◆ **AIM OF THE EXERCISE**:
Copy nothing from the entries below except the lines from the one containing "#106=CARTESIAN_POINT('',(-45.,3.,80.));" through the one containing "#132=CARTESIAN_POINT('',(-45.,5.,78.));", and copy those exactly.

[Dataset items]
───

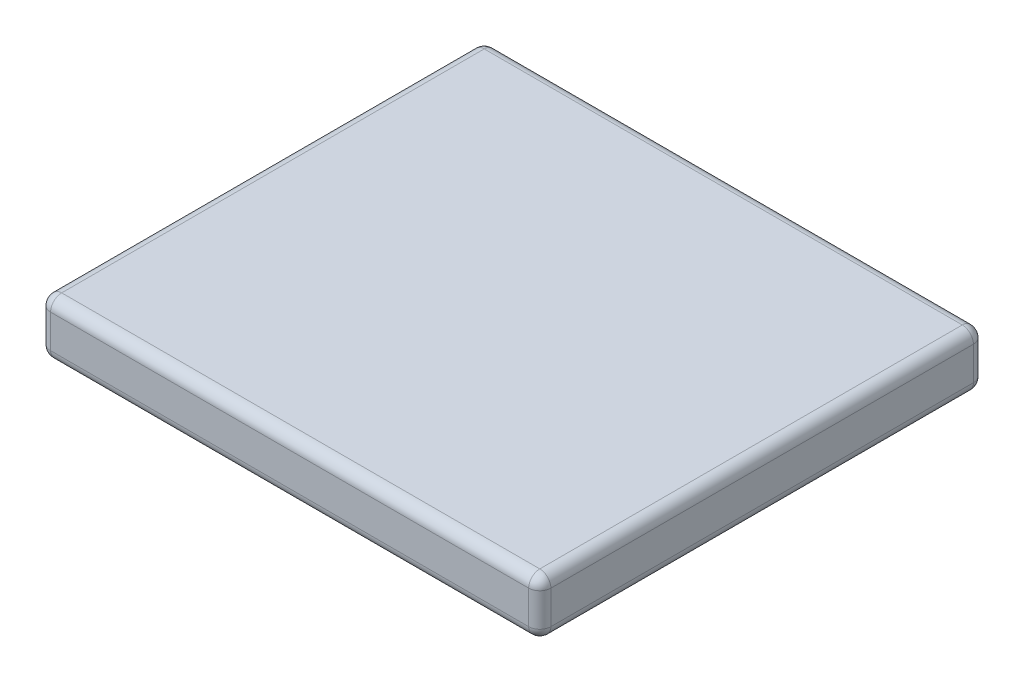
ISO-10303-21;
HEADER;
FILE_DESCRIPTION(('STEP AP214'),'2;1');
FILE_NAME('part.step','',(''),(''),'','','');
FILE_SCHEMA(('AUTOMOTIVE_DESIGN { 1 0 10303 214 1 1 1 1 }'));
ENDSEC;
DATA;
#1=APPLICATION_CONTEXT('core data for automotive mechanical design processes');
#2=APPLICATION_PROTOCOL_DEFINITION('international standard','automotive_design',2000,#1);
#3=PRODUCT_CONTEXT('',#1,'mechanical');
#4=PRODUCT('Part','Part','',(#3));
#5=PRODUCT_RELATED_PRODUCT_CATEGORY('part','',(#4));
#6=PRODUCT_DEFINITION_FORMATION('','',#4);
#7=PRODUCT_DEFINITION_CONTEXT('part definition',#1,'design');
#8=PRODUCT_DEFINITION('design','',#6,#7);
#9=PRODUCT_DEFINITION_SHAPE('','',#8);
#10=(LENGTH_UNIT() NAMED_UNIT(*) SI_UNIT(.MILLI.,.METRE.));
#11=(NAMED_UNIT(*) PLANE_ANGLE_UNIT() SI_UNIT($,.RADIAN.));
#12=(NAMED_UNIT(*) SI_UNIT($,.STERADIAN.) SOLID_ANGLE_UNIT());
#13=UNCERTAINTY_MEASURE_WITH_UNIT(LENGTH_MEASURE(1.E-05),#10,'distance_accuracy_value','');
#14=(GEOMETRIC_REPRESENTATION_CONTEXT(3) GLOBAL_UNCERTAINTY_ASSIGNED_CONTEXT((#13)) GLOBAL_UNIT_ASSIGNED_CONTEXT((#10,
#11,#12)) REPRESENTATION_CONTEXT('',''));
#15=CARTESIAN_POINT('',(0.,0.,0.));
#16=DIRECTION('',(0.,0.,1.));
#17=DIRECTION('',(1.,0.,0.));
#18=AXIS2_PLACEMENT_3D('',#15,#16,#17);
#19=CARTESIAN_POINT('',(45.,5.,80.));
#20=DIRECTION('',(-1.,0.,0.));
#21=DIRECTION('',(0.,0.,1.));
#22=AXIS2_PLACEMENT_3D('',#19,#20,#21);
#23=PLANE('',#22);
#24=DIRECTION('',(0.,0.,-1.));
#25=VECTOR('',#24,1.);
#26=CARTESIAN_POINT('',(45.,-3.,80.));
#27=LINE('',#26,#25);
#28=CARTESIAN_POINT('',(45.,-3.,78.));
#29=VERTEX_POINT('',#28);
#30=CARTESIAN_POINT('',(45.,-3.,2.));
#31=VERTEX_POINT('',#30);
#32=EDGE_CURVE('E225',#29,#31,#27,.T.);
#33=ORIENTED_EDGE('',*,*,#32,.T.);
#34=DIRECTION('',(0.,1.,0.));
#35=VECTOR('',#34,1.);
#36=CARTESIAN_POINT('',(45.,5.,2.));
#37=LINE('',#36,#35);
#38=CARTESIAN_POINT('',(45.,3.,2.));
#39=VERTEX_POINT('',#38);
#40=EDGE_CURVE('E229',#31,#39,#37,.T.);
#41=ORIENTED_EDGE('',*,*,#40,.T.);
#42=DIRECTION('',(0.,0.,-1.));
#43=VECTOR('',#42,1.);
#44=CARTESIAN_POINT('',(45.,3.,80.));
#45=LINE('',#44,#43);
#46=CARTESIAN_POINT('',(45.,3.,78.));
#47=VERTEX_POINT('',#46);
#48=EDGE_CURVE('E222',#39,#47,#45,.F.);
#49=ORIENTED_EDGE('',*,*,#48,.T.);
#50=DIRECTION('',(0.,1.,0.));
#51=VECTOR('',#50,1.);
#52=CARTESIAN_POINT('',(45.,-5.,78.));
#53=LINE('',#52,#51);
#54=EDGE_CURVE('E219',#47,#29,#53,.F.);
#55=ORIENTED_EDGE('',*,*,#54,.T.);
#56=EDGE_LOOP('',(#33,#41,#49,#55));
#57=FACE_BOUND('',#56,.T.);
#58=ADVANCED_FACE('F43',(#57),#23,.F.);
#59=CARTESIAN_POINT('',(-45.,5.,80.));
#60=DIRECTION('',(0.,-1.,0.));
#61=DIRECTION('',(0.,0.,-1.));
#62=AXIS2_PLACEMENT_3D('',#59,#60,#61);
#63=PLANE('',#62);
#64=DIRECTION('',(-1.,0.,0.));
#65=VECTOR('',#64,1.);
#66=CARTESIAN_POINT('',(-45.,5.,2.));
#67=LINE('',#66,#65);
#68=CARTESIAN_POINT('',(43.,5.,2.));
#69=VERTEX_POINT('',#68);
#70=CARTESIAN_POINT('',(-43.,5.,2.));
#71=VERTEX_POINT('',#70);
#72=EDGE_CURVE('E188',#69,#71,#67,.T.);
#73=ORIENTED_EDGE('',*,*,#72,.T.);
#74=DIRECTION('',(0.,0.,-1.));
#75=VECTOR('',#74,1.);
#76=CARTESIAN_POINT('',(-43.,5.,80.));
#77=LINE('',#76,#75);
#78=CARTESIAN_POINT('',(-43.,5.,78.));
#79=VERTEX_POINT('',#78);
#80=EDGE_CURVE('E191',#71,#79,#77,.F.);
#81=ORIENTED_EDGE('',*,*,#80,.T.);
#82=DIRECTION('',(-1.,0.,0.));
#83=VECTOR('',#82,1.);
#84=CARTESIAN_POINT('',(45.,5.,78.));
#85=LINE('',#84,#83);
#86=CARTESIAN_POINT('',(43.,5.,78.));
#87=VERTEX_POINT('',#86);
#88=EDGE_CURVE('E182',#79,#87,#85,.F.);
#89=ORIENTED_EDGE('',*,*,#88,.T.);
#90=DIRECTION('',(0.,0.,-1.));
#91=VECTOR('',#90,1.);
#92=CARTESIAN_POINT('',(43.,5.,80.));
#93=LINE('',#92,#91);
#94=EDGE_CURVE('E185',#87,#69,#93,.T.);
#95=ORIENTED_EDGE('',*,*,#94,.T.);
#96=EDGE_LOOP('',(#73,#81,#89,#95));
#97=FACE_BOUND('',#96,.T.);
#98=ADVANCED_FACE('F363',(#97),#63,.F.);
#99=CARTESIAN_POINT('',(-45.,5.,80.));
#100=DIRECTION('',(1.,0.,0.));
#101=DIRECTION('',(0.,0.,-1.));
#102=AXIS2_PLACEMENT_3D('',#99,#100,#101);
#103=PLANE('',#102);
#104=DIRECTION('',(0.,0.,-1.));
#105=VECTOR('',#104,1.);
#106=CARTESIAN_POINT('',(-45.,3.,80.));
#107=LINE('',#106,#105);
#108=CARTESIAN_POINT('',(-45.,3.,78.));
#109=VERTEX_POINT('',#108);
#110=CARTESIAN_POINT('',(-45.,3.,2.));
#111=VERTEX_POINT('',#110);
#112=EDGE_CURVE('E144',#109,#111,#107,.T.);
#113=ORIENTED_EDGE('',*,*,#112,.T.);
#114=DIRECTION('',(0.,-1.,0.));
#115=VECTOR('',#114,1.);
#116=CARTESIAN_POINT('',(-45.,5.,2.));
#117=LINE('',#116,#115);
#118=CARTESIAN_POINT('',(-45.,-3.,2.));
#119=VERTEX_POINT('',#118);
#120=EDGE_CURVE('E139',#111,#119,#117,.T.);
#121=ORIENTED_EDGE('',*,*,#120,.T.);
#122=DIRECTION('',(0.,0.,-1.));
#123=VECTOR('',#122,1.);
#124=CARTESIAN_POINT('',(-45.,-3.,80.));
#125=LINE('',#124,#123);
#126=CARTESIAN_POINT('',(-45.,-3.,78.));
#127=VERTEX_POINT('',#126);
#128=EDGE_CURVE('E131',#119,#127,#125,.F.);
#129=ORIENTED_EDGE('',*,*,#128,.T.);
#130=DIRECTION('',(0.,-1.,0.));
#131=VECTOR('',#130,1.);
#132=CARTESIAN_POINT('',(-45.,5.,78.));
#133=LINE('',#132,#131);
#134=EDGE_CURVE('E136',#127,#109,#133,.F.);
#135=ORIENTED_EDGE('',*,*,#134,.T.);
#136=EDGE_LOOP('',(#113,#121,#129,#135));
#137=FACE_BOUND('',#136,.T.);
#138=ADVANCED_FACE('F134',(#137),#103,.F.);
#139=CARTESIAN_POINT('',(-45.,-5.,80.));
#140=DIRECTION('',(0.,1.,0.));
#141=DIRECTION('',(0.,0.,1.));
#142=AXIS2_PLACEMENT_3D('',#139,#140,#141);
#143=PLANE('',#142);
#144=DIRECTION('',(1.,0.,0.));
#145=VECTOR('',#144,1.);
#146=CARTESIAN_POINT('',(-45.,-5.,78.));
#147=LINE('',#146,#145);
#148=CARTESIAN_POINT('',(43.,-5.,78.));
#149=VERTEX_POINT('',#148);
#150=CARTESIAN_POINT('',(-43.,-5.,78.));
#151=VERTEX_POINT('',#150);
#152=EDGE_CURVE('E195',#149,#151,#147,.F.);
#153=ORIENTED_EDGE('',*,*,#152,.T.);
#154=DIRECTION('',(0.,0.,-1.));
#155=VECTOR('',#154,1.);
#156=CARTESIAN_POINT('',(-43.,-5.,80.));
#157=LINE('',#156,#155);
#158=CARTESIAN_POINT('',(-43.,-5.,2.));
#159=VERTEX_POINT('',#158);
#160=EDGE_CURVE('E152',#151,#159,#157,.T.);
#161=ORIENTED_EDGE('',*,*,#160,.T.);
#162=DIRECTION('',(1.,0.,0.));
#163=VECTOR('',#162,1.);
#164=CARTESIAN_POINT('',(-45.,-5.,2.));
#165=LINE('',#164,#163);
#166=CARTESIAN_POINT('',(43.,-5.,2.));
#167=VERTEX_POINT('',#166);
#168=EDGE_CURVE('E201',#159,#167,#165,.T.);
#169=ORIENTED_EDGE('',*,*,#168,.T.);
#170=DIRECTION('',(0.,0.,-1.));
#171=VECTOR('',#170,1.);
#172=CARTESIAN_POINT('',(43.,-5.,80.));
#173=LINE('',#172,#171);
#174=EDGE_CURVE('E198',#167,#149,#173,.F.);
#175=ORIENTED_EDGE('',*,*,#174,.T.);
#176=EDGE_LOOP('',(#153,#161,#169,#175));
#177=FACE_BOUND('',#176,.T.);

───

◆ **WORKED SOLUTION**:
#106=CARTESIAN_POINT('',(-45.,3.,80.));
#107=LINE('',#106,#105);
#108=CARTESIAN_POINT('',(-45.,3.,78.));
#109=VERTEX_POINT('',#108);
#110=CARTESIAN_POINT('',(-45.,3.,2.));
#111=VERTEX_POINT('',#110);
#112=EDGE_CURVE('E144',#109,#111,#107,.T.);
#113=ORIENTED_EDGE('',*,*,#112,.T.);
#114=DIRECTION('',(0.,-1.,0.));
#115=VECTOR('',#114,1.);
#116=CARTESIAN_POINT('',(-45.,5.,2.));
#117=LINE('',#116,#115);
#118=CARTESIAN_POINT('',(-45.,-3.,2.));
#119=VERTEX_POINT('',#118);
#120=EDGE_CURVE('E139',#111,#119,#117,.T.);
#121=ORIENTED_EDGE('',*,*,#120,.T.);
#122=DIRECTION('',(0.,0.,-1.));
#123=VECTOR('',#122,1.);
#124=CARTESIAN_POINT('',(-45.,-3.,80.));
#125=LINE('',#124,#123);
#126=CARTESIAN_POINT('',(-45.,-3.,78.));
#127=VERTEX_POINT('',#126);
#128=EDGE_CURVE('E131',#119,#127,#125,.F.);
#129=ORIENTED_EDGE('',*,*,#128,.T.);
#130=DIRECTION('',(0.,-1.,0.));
#131=VECTOR('',#130,1.);
#132=CARTESIAN_POINT('',(-45.,5.,78.));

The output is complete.